- **Activity**
Go through the data and say how many lines include the string "AllDays"; return only the figure.

- **Extracted material**
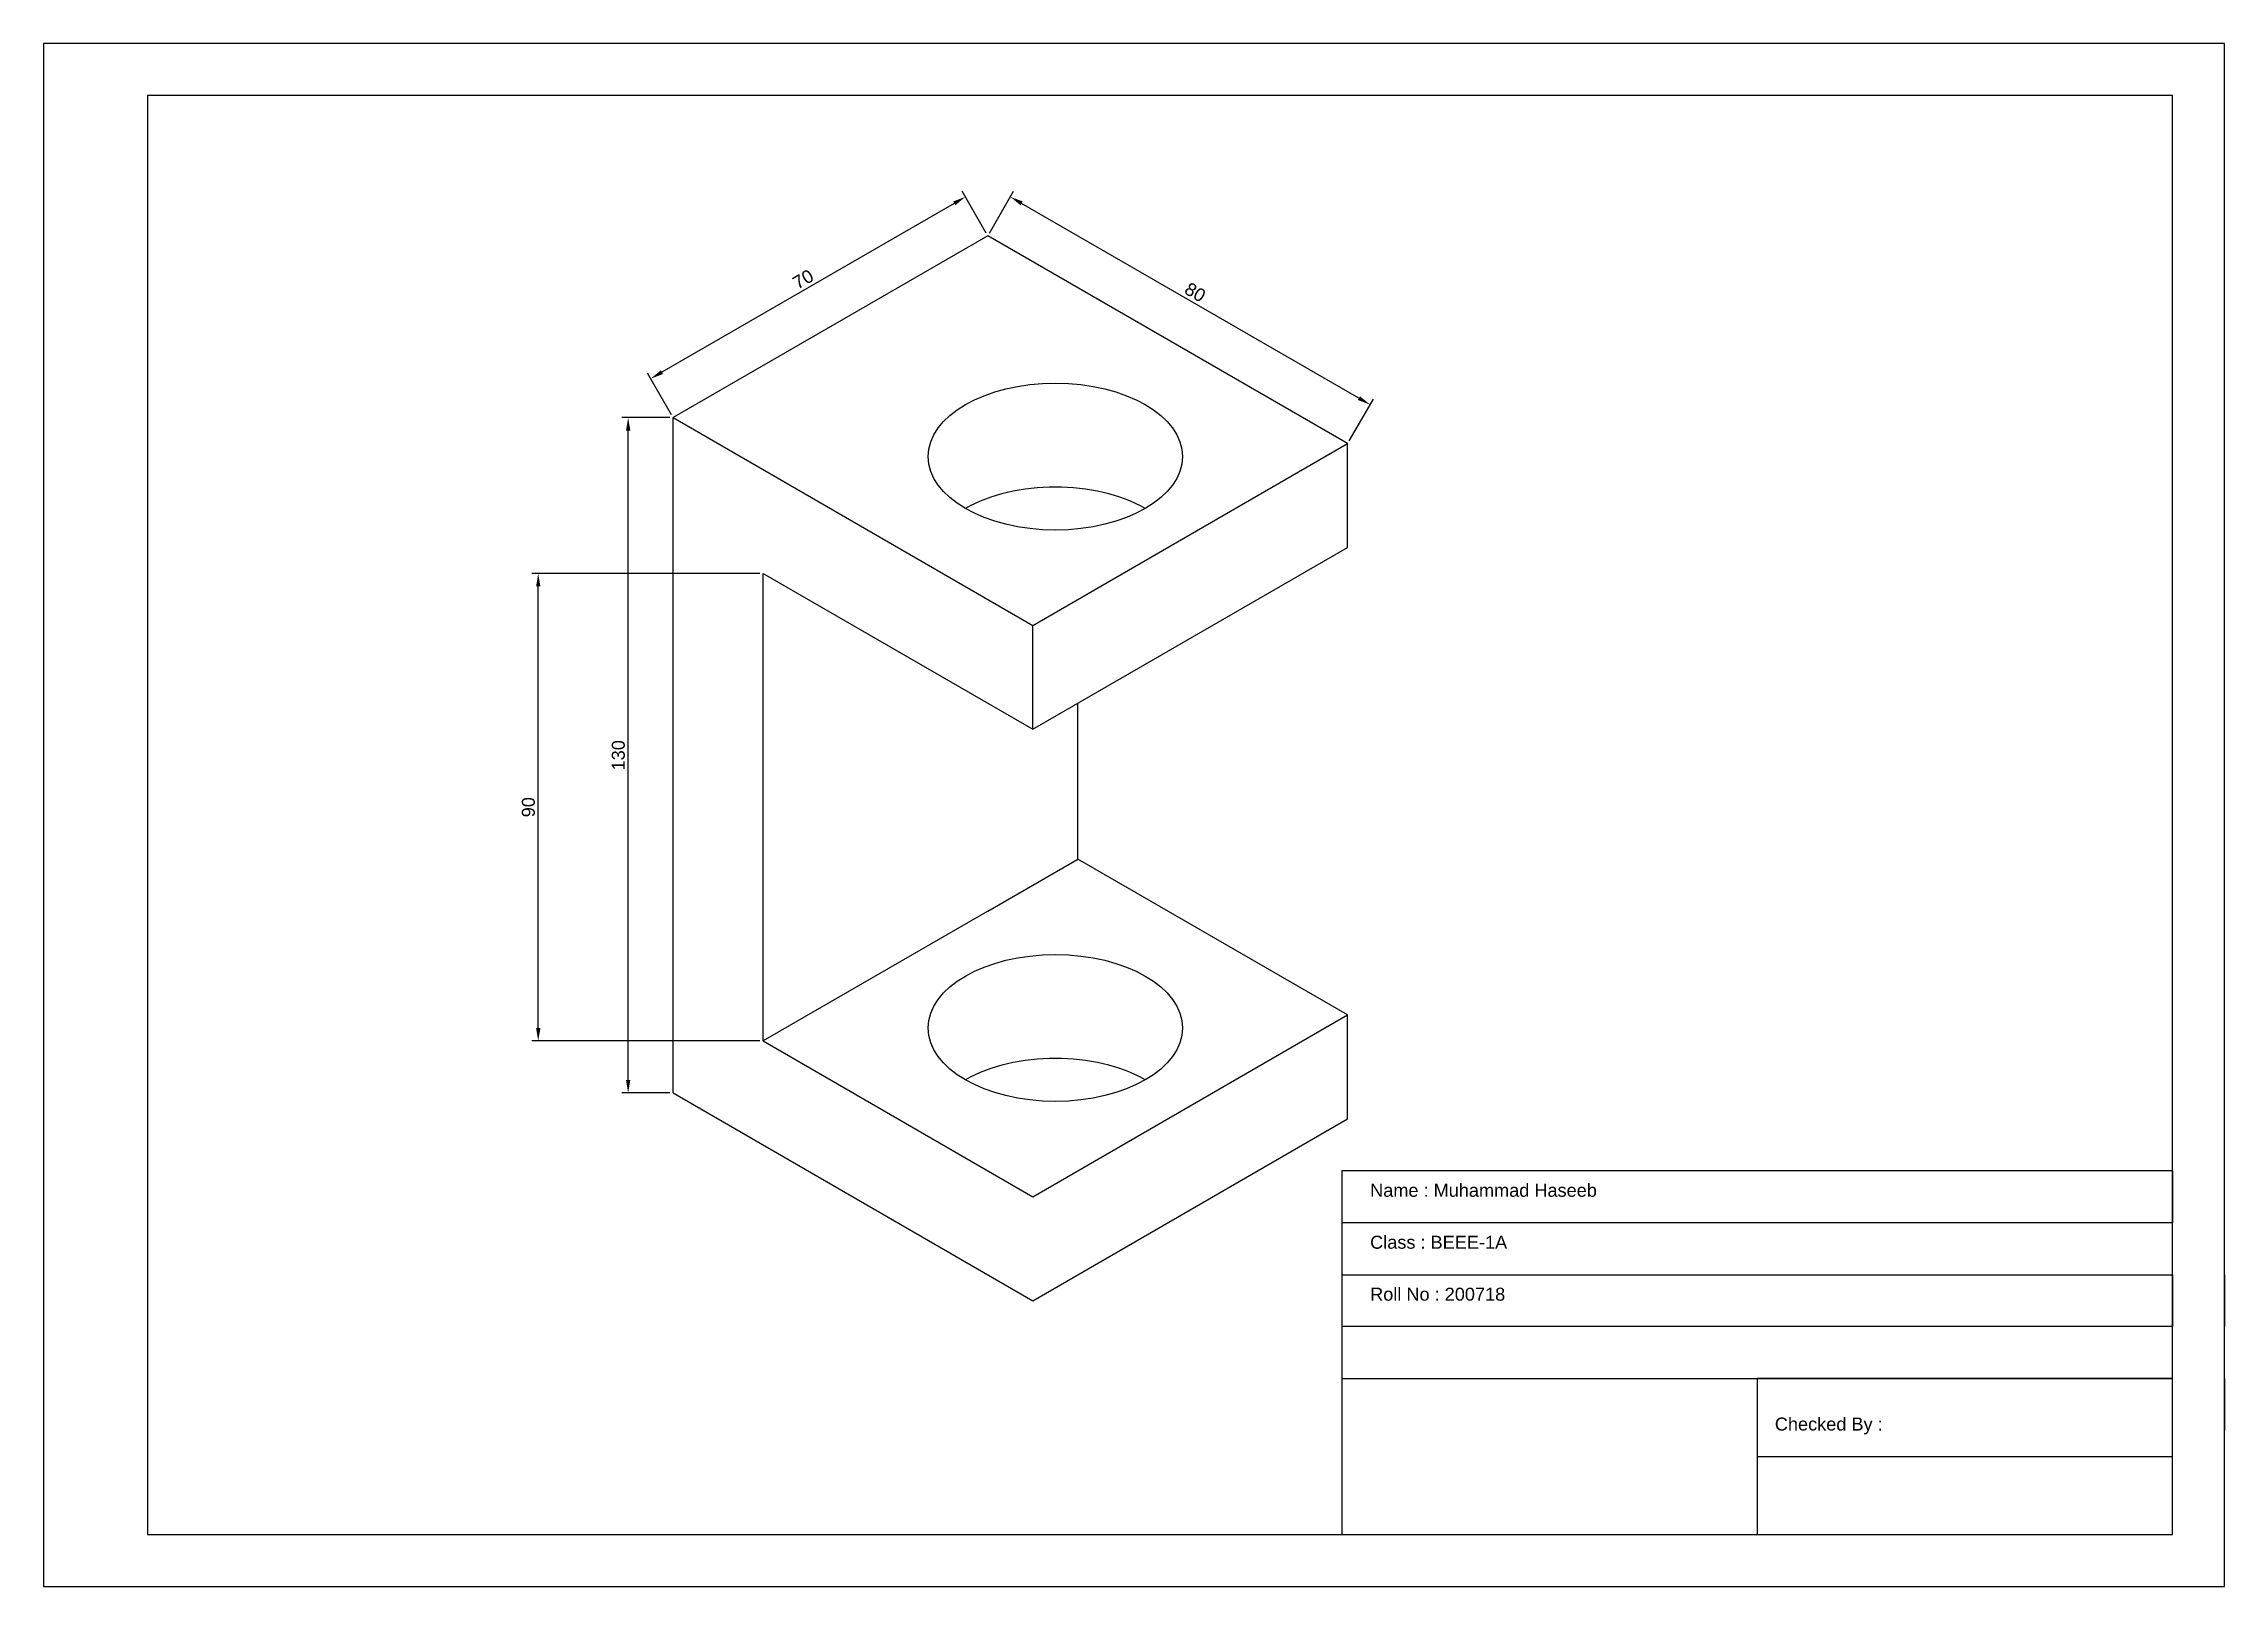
# Model space of a CAD drawing. Header units: millimetres. Extents: x -82 to 338, y -278 to 20.
import ezdxf

# ---------------------------------------------------------------- set-up
doc = ezdxf.new("R2010")
doc.units = ezdxf.units.MM
doc.styles.get("Standard").update_dxf_attribs({"font": 'arial.ttf'})
doc.dimstyles.new('ISO-25', dxfattribs={"dimtxt": 2.5, "dimasz": 2.5, "dimexe": 1.25, "dimexo": 0.625, "dimtad": 1, "dimtxsty": 'Standard', "dimcen": 2.5, "dimadec": 0, "dimazin": 0, "dimtfac": 1, "dimtmove": 0, "dimatfit": 3, "dimfxl": 1, "dimarcsym": 0})

# ---------------------------------------------------------------- blocks, each defined once
blk = doc.blocks.new('*D2')
at = {"color": 0, "lineweight": -2, "transparency": 16777216}
for p, q in [((99.91, -16.96), (104.55, -8.92)), ((171.04, -48.75), (106.09, -11.25)), ((169.19, -56.96), (173.83, -48.92))]:
    blk.add_line(p, q, dxfattribs=at)
at = {"color": 0, "transparency": 16777216}
for points in [[(106.3, -10.89), (105.88, -11.61), (103.92, -10)], [(171.25, -48.39), (170.83, -49.11), (173.21, -50)]]:
    blk.add_solid(points, dxfattribs=at)
at = {"layer": 'Defpoints', "color": 0, "transparency": 16777216}
for p in [(103.92, -10), (99.59, -17.5), (168.87, -57.5)]:
    blk.add_point(p, dxfattribs=at)
at = {"color": 0, "transparency": 16777216, "insert": (139.51, -28.36), "char_height": 2.5, "attachment_point": 5, "rotation": 330}
blk.add_mtext('80', dxfattribs=at)
blk = doc.blocks.new('*D3')
at = {"color": 0, "lineweight": -2, "transparency": 16777216}
for p, q in [((93.1, -11.25), (36.81, -43.75)), ((99.28, -16.96), (94.64, -8.92)), ((38.66, -51.96), (34.02, -43.92))]:
    blk.add_line(p, q, dxfattribs=at)
at = {"color": 0, "transparency": 16777216}
for points in [[(92.89, -10.89), (93.31, -11.61), (95.26, -10)], [(36.6, -43.39), (37.01, -44.11), (34.64, -45)]]:
    blk.add_solid(points, dxfattribs=at)
at = {"layer": 'Defpoints', "color": 0, "transparency": 16777216}
for p in [(99.59, -17.5), (34.64, -45), (38.97, -52.5)]:
    blk.add_point(p, dxfattribs=at)
at = {"color": 0, "transparency": 16777216, "insert": (64.01, -25.86), "char_height": 2.5, "attachment_point": 5, "rotation": 30}
blk.add_mtext('70', dxfattribs=at)
blk = doc.blocks.new('*D4')
at = {"color": 0, "lineweight": -2, "transparency": 16777216}
for p, q in [((38.35, -52.5), (29.06, -52.5)), ((30.31, -180), (30.31, -55)), ((38.35, -182.5), (29.06, -182.5))]:
    blk.add_line(p, q, dxfattribs=at)
at = {"color": 0, "transparency": 16777216}
for points in [[(29.89, -55), (30.73, -55), (30.31, -52.5)], [(29.89, -180), (30.73, -180), (30.31, -182.5)]]:
    blk.add_solid(points, dxfattribs=at)
at = {"layer": 'Defpoints', "color": 0, "transparency": 16777216}
for p in [(30.31, -52.5), (38.97, -52.5), (38.97, -182.5)]:
    blk.add_point(p, dxfattribs=at)
at = {"color": 0, "transparency": 16777216, "insert": (28.42, -117.5), "char_height": 2.5, "attachment_point": 5, "rotation": 90}
blk.add_mtext('130', dxfattribs=at)
blk = doc.blocks.new('*D5')
at = {"color": 0, "lineweight": -2, "transparency": 16777216}
for p, q in [((55.67, -82.5), (11.74, -82.5)), ((12.99, -170), (12.99, -85)), ((55.67, -172.5), (11.74, -172.5))]:
    blk.add_line(p, q, dxfattribs=at)
at = {"color": 0, "transparency": 16777216}
for points in [[(12.57, -85), (13.41, -85), (12.99, -82.5)], [(12.57, -170), (13.41, -170), (12.99, -172.5)]]:
    blk.add_solid(points, dxfattribs=at)
at = {"layer": 'Defpoints', "color": 0, "transparency": 16777216}
for p in [(12.99, -82.5), (56.29, -82.5), (56.29, -172.5)]:
    blk.add_point(p, dxfattribs=at)
at = {"color": 0, "transparency": 16777216, "insert": (11.1, -127.5), "char_height": 2.5, "attachment_point": 5, "rotation": 90}
blk.add_mtext('90', dxfattribs=at)

msp = doc.modelspace()

# ---------------------------------------------------------------- linework, layer by layer
for p, q in [((337.728, 19.5), (-82.272, 19.5)), ((-82.272, 19.5), (-82.272, -277.5)), ((337.728, -277.5), (337.728, 19.5)), ((327.728, 9.5), (-62.272, 9.5)), ((-62.272, 9.5), (-62.272, -267.5)), ((327.728, -267.5), (327.728, 9.5)), ((99.593, -17.5), (38.971, -52.5)), ((168.875, -57.5), (99.593, -17.5)), ((38.971, -52.5), (108.253, -92.5)), ((38.971, -182.5), (38.971, -52.5)), ((108.253, -92.5), (168.875, -57.5)), ((168.875, -77.5), (168.875, -57.5)), ((108.253, -112.5), (168.875, -77.5)), ((56.292, -82.5), (108.253, -112.5)), ((56.292, -172.5), (56.292, -82.5)), ((108.253, -112.5), (108.253, -92.5)), ((116.913, -137.5), (116.913, -107.5)), ((99.593, -147.5), (116.913, -137.5)), ((168.875, -167.5), (116.913, -137.5)), ((99.593, -147.5), (56.292, -172.5)), ((108.253, -202.5), (168.875, -167.5)), ((168.875, -187.5), (168.875, -167.5)), ((56.292, -172.5), (108.253, -202.5)), ((38.971, -182.5), (108.253, -222.5)), ((108.253, -222.5), (168.875, -187.5)), ((327.728, -197.5), (167.728, -197.5)), ((167.728, -197.5), (167.728, -267.5)), ((327.728, -267.5), (327.728, -197.5)), ((327.728, -197.5), (327.728, -207.5)), ((327.728, -207.5), (167.728, -207.5)), ((167.728, -207.5), (167.728, -217.5)), ((337.728, -277.5), (337.728, -207.5)), ((167.728, -217.5), (327.728, -217.5)), ((327.728, -217.5), (327.728, -227.5)), ((337.728, -217.5), (337.728, -227.5)), ((327.728, -227.5), (167.728, -227.5)), ((167.728, -227.5), (167.728, -237.5)), ((167.728, -237.5), (327.728, -237.5)), ((327.728, -237.5), (247.728, -237.5)), ((247.728, -237.5), (247.728, -267.5)), ((337.728, -237.5), (337.728, -247.5)), ((247.728, -252.5), (327.728, -252.5)), ((-62.272, -267.5), (327.728, -267.5)), ((-82.272, -277.5), (337.728, -277.5))]:
    msp.add_line(p, q)
for centre in [(112.583, -60), (112.583, -170)]:
    msp.add_ellipse(centre, major_axis=(-24.495, 0), ratio=0.5773503)
for centre in [(112.583, -80), (112.583, -190)]:
    msp.add_ellipse(centre, major_axis=(-24.495, 0), ratio=0.5773503, start_param=3.9269908, end_param=5.4977871)

# ---------------------------------------------------------------- texts
at = {"char_height": 2.5, "attachment_point": 1}
for s, width, insert in [('Name : Muhammad Haseeb', 160, (173.205, -200)), ('Class : BEEE-1A', 160, (173.205, -210)), ('Roll No : 200718', 160, (173.205, -220)), ('Checked By :', 80, (251.147, -245))]:
    msp.add_mtext_dynamic_manual_height_columns(s, width=width, gutter_width=12.5, heights=[0], dxfattribs=dict(at, insert=insert))

# ---------------------------------------------------------------- dimensions: what is measured, and where the dimension line sits
at = {"color": 1}
for p1, p2, picture, middle in [((99.593, -17.5), (38.971, -52.5), '*D3', (64.006, -25.861)), ((168.875, -57.5), (99.593, -17.5), '*D2', (139.51, -28.361))]:
    dim = msp.add_aligned_dim(p1=p1, p2=p2, distance=-8.66, dimstyle='ISO-25', dxfattribs=at)
    dim.commit()
    dim.dimension.update_dxf_attribs({"geometry": picture, "text_midpoint": middle})
for base, p1, p2, picture, middle in [((30.311, -52.5), (38.971, -182.5), (38.971, -52.5), '*D4', (28.419, -117.5)), ((12.99, -82.5), (56.292, -172.5), (56.292, -82.5), '*D5', (11.098, -127.5))]:
    dim = msp.add_linear_dim(base=base, p1=p1, p2=p2, angle=90, dimstyle='ISO-25', dxfattribs=at)
    dim.commit()
    dim.dimension.update_dxf_attribs({"geometry": picture, "text_midpoint": middle})

doc.saveas('drawing.dxf')
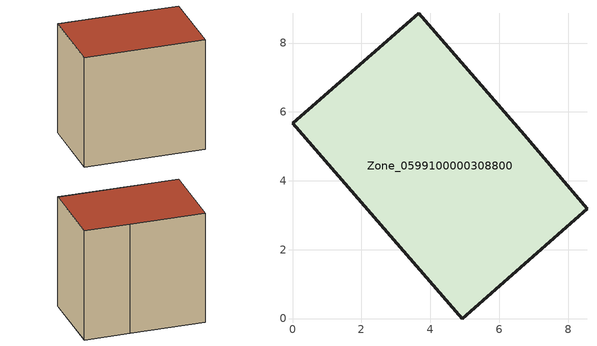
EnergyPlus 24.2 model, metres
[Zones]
Zone_0599100000308800
 floor ground (C_G): 0,5.67 3.66,8.86 6.72,5.33 8.55,3.19 4.93,0 z0
 wall outside (C_F): 8.55,3.19 6.72,5.33 3.66,8.86 0,5.67 4.93,0 8.55,3.19 z0:7.11
 roof outside (C_R): 3.66,8.86 0,5.67 4.93,0 8.55,3.19 6.72,5.33 z7.11
[BUILDING]
Pand.0599100000308800: North Axis=0; Terrain=City; Loads Convergence Tolerance Value=0.04; Temperature Convergence Tolerance Value=0.4; Solar Distribution=FullExterior; Maximum Number of Warmup Days=25; Minimum Number of Warmup Days=1
[Site:Location]
Rotterdam.The.Hague.AP_ZH_NLD Design_Conditions: Latitude=51.96; Longitude=4.45; Time Zone=1; Elevation=-4.5
[SITE:GROUNDTEMPERATURE:BUILDINGSURFACE]
18, 18, 18, 18, 18, 18, 18, 18, 18, 18, 18, 18
[MATERIAL] Thermal Absorptance=0.9; Solar Absorptance=0.7; Visible Absorptance=0.7
Name | Roughness | Thickness | Conductivity | Density | Specific Heat
G.TC.1946 | MediumSmooth | 0.15 | 1 | 540 | 1210
F.TC.1946 | Rough | 0.3 | 0.857143 | 1920 | 840
R.TC.1946 | MediumRough | 0.2 | 0.909091 | 1500 | 1000
[CONSTRUCTION]
C_G: G.TC.1946
C_F: F.TC.1946
C_R: R.TC.1946
[ZONE]
Zone_0599100000308800: Type=1; Multiplier=1; Ceiling Height=Autocalculate; Volume=Autocalculate; Floor Area=autocalculate; Part of Total Floor Area=Yes
[ZONEINFILTRATION:DESIGNFLOWRATE]
Infil_Zone_0599100000308800: Zone or ZoneList or Space or SpaceList=Zone_0599100000308800; Schedule=AlwaysOn; Design Flow Rate Calculation Method=Flow/Area; Flow Rate per Floor Area=0.003; Constant Term Coefficient=1; Temperature Term Coefficient=0; Velocity Term Coefficient=0; Velocity Squared Term Coefficient=0
[HVACTEMPLATE:ZONE:IDEALLOADSAIRSYSTEM]
Zone_0599100000308800: Maximum Heating Supply Air Temperature=50; Minimum Cooling Supply Air Temperature=13; Maximum Heating Supply Air Humidity Ratio=0.0156; Minimum Cooling Supply Air Humidity Ratio=0.0077; Heating Limit=NoLimit; Cooling Limit=NoLimit; Dehumidification Control Type=ConstantSensibleHeatRatio; Cooling Sensible Heat Ratio=0.7; Dehumidification Setpoint=60; Humidification Control Type=None; Humidification Setpoint=30; Outdoor Air Method=None; Outdoor Air Flow Rate per Person=0.00944; Outdoor Air Flow Rate per Zone Floor Area=0; Outdoor Air Flow Rate per Zone=0; Demand Controlled Ventilation Type=None; Outdoor Air Economizer Type=NoEconomizer; Heat Recovery Type=None; Sensible Heat Recovery Effectiveness=0.7; Latent Heat Recovery Effectiveness=0.65
[ZONECONTROL:THERMOSTAT]
ThermostatControl_Zone_0599100000308800: Zone or ZoneList=Zone_0599100000308800; Control Type Schedule=DualSetpointControlType; Control 1=Thermostat_Zone_0599100000308800; Temperature Difference Between Cutout And Setpoint=0
[THERMOSTATSETPOINT:DUALSETPOINT]
Thermostat_Zone_0599100000308800: Heating Setpoint Temperature Schedule=HeatingSetpoint_Zone_0599100000308800; Cooling Setpoint Temperature Schedule=CoolingSetpoint_Zone_0599100000308800
[SCHEDULE:COMPACT]
HeatingSetpoint_Zone_0599100000308800: Through: 12/31, For: AllDays, Until: 24:00, 21
CoolingSetpoint_Zone_0599100000308800: Through: 12/31, For: AllDays, Until: 24:00, 24
DualSetpointControlType: Through: 12/31, For: AllDays, Until: 24:00, 4
AlwaysOn: Through: 12/31, For: AllDays, Until: 24:00, 1

- **Output for this task**
4